While it's an oversimplification to say that Thomas Edison invented the light bulb, he was one of the first people to create a useful one, and, with modifications, his design has stood the test of time. Although incandescent bulbs of the type Edison developed are still in use today, modern consumers have a few other options. Compact fluorescent (CFL) and light-emitting diode (LED) bulbs are two of the most common. They work on different principles and provide just as much light as incandescents, and they consume less energy.
TL;DR (Too Long; Didn't Read)
The design of incandescent bulbs has changed a little since Edison developed his prototype. Modern improvements include tungsten filaments and inert gases inside the globe. Alternatives such as CFLs and LEDs, although not true bulbs, are more efficient.
What's in a Bulb?
One of Edison's most important innovations was to allow electricity to pass through a thin, highly resistive filament rather than simply arc between two poles, as had been the standard at the time. Edison made his filament from carbonized bamboo, but to prevent it from burning up, he had to enclose it in an air-tight package to keep oxygen out. Edison's bulbs contained a vacuum, but this made them very fragile, so subsequent manufacturers filled the bulbs with inert gases such as argon, neon, helium and nitrogen. The filaments in modern incandescent bulbs are mostly made of tungsten, and the bulbs are generally filled with argon.
Parts of an Incandescent Bulb
At first glance, an incandescent bulb seems simple, but it actually consists of several individual parts that have become standardized.
Screw Base: The familiar threaded base was developed by Edison and is known as the E-base. Today, several sizes exist.
Globe: The glass enclosure is known as the globe. The familiar pear-shaped one is most common because it distributes light better than other shapes. Frosted globes came on the market in 1925 and are still common.
Filament: In 1911, American physicist William D. Coolidge developed the tungsten filament, and General Electric quickly adapted it into their bulbs. It remains the standard bulb filament.
Contact wires: Thin wires extend from the filament to the screw base and the foot contact at the base of the bulb. They complete the electrical circuit when the bulb is screwed in.
Support wires: A pair of thin wires support the filament and prevent it from contacting the globe of the base when electricity is flowing.
Alternatives to Incandescents
One of the main drawbacks of incandescent bulbs is that they convert only a small fraction of incident electricity into light – about 10 percent.
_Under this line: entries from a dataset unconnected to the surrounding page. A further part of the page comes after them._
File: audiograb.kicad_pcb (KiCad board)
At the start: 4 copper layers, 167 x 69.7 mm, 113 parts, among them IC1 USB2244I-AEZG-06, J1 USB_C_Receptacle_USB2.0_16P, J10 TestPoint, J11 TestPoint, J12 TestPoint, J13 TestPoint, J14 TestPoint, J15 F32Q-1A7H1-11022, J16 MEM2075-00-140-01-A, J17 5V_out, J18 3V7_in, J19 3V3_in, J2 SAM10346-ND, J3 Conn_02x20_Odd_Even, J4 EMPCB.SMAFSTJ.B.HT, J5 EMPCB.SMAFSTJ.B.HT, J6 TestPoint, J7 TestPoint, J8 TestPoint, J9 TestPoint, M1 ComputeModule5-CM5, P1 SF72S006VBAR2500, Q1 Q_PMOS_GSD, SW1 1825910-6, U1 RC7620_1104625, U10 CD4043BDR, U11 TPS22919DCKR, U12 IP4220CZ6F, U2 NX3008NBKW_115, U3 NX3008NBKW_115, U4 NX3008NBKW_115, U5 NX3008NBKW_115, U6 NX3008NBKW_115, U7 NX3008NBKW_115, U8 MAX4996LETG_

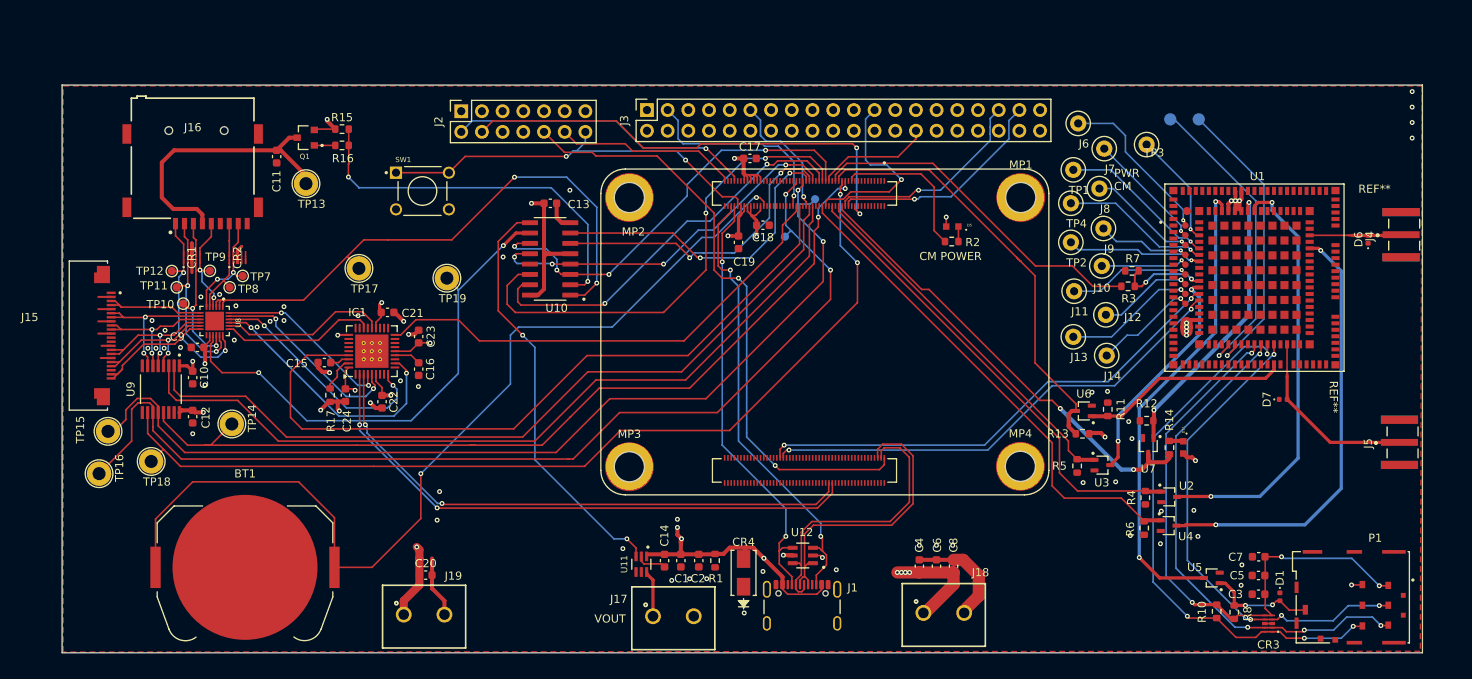
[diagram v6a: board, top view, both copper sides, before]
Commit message: Added thruholes to for antenna and aorund the pcb, and fillements
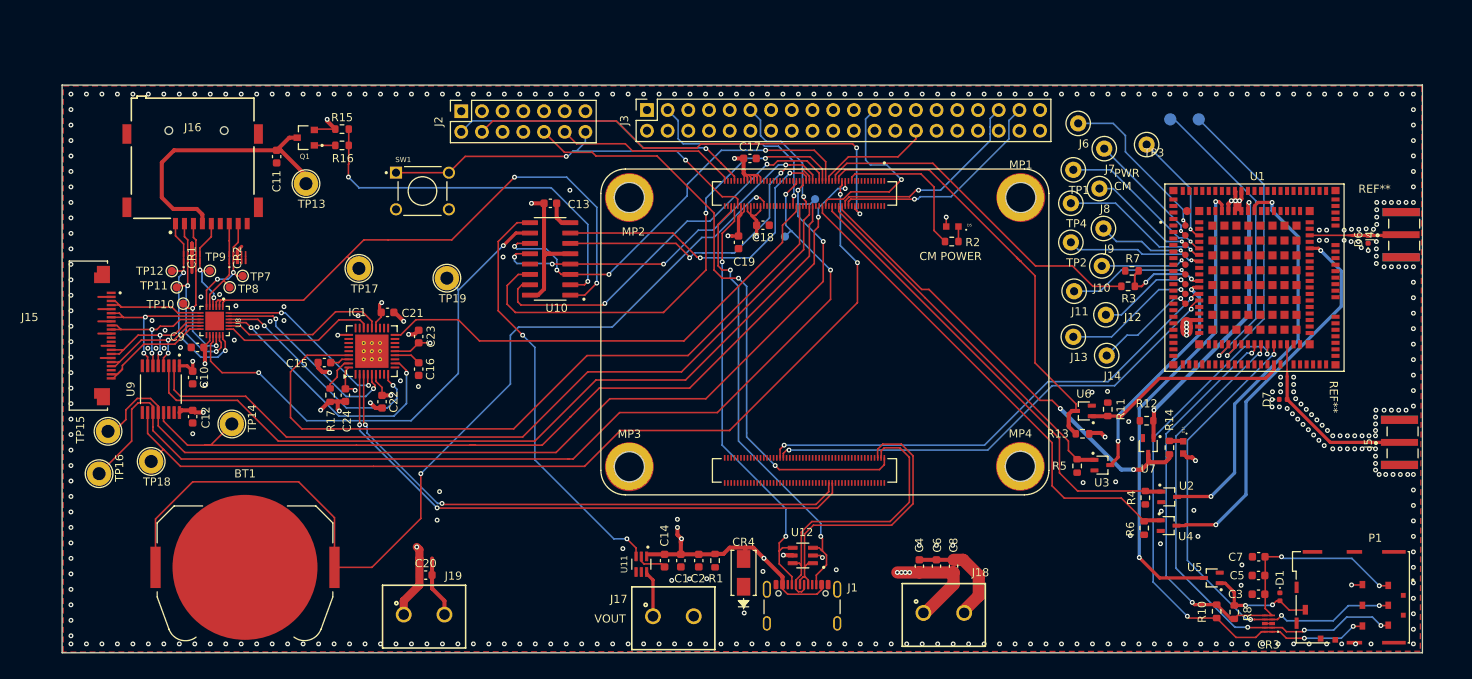
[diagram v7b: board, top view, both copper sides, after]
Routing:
- net /modem/1V8_BOOT_MODE: track 53.8 -> 47.4 mm
- net /modem/1V8_POWER_ON_N: track 52.5 -> 49.0 mm
- net +3V3: track 293.4 -> 292.4 mm
- net GND: vias 55 -> 377
- net (no net): vias 4 -> 0

Halogen bulbs, which are similar to standard incandescents but are filled with a halogen gas such as bromine, are more efficient. Halogen bulbs use less energy than standard incandescents, but the amount is arguably not small enough to classify them as energy efficient. Especially not when compared to CFLs and LEDs, which came on the market after the U.S. oil crisis of the 1970s. Compared to incandescents, CFLs and LEDs use 75 percent or less of the energy consumed by an incandescent bulb.
When Is a Bulb Not a Bulb?
Neither CFLs nor LEDs require a globe solely to protect a filament, because neither device has a filament. LEDs consist of diodes that glow when electricity passes through them. Nevertheless, manufacturers construct LEDs with more-or-less pear-shaped globes so consumers can use them in the same way as standard incandescents. CFLs produce light by the ionization of an inert gas, but the bulbs contain a small amount of mercury that requires an airtight enclosure, and the tubes are bent into a bulb shape for ease of use. Although they aren't bulbs in the same way that incandescents are, many CFLs and LEDs have the same Edison-style screw bases, and they can be used interchangeably with incandescents.